Welcome! You've come to the right place. Your are in luck, anybody can be come a pro. But in order for us to give specifics, what kind and at what level of pro do you want to be? Depending this may or may not be possible. However it mostly depends on your dream, commitment, discipline and luck. Search in the general chat and tips coaching section.


----------



## snow_is_calling_my_name (12 mo ago)

wrathfuldeity said:


> Welcome! You've come to the right place. Your are in luck, anybody can be come a pro. But in order for us to give specifics, what kind and at what level of pro do you want to be? Depending this may or may not be possible. However it mostly depends on your dream, commitment, discipline and luck. Search in the general chat and tips coaching section.


----------



## snow_is_calling_my_name (12 mo ago)

Hi well, I mean I’d love to be sponsored by go pro one day 😂 I want to do going down big mountains and free styling off the big snow ramps. Stuff like that I’d love to take part in competitions and eventually have a coach. That sort of stuff.


----------



## Mike256 (Oct 13, 2013)

You’d need someone bankrolling you to learn and turn to pro freestyler from aged 22 if you’re not already well off financially or live at a ski resort.

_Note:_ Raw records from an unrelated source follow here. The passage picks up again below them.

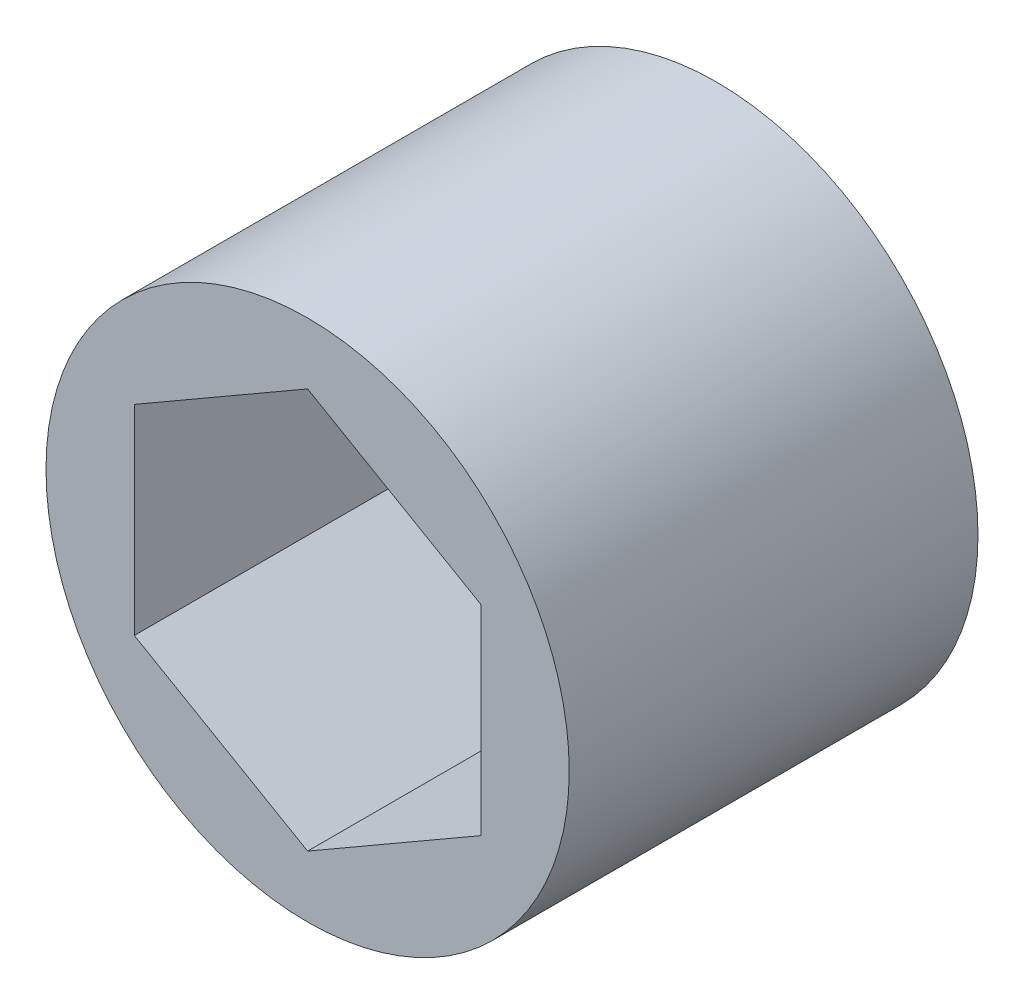
from build123d import *

# Parameters (mm, degrees)
SKETCH3_R           = 10.16
BOSS_EXTRUDE1_DEPTH = 7.9375


with BuildPart() as part:
    # Sketch3 → Boss-Extrude1 (new, symmetric)
    with BuildSketch(Plane.XY):
        Circle(SKETCH3_R)
        Polygon((0, 7.772289324), (-6.731, 3.886144662), (-6.731, -3.886144662), (0, -7.772289324), (6.731, -3.886144662), (6.731, 3.886144662), align=None, mode=Mode.SUBTRACT)
    extrude(amount=BOSS_EXTRUDE1_DEPTH, both=True)


solid = part.part

Nothing stopping you from living the ski bum life though, be a lifty while you learn to ride, become an instructor or work on the park crew to ride park all day, find a youtube niche. Lots of other more likely options than going from non snowboarder to sponsored pro rider. Finish your degree first!


----------



## mjayvee (Nov 18, 2015)

Jess Kimura began her journey toward becoming a pro snowboarder at the age of 23. 
Her story is very inspirational.


----------



## Elevation212 (Apr 21, 2019)

Going a lot is key, I started boarding at 22 and the best thing that happened to me was a 50 day season. If it’s your dream do what it takes to get 50-100 days, find a night job in the alps (perhaps waiting), some roomies(hopefully boarders that are better then you and can push you while having fun!) and board every day for a season, by the end of the season you’ll either be hooked or looking for a new career! Good luck either way enjoy the journey!


----------



## Donutz (May 12, 2010)

Yeah, if you can't get a dependable minimum 50 good days per season, I wouldn't hold out much hope.


----------



## DaveMcI (Aug 19, 2013)

Wow


----------



## Mike256 (Oct 13, 2013)

mjayvee said:


> Jess Kimura began her journey toward becoming a pro snowboarder at the age of 23.
> Her story is very inspirational.


She grew up snowboarding?


----------



## BXNoob (Mar 20, 2020)

I mean, it's not impossible. But the freestyle side of snowboarding is the most competitive... I don't think you have much of a chance since most guys are already competing at the highest level at 15-16yo. If competing is what you want, learn how to be a big mountain rider with 360s, a grab or two and backflips on lock and try to qualify for freeride competitions. In freestyle, 30 years old riders are close to retiring, but in freeride, some rookies on the freeride world tour are 30+ years old (but it does take way more experience to perform in freeride). Competing is reallyyyy expensive, like think of the cost, then double it. I have one friend who has been trying to qualify for the FWT and he's seriously talented, but being talented isn't enough. You need to ride every single day and when you are finished riding, you go train at the gym, then sleep, repeat. Also, if you're not the best of the best, you will need a full time job. I sound like a downer but the reality is that the guy you see on TV are already better than 95% of riders at 10 years old.


----------



## BXNoob (Mar 20, 2020)

mjayvee said:


> Jess Kimura began her journey toward becoming a pro snowboarder at the age of 23.
> Her story is very inspirational.


Jess grew up snowboarding and was in the park at 14 years old.


----------



## Radialhead (Jan 3, 2018)

Hi Jess, do you know about the indoor centre in Hemel Hempstead? That should be well under two hours, even if you're in south-east London. I'm over near Swindon & usually go to Milton Keynes or Tamworth. You should join the Billy Snow Mates Facebook group, there are lots of people on there looking for others to ride with, & they have a few group trips every year.


----------



## Roy$ (12 mo ago)

Welcome Jess 🤗


----------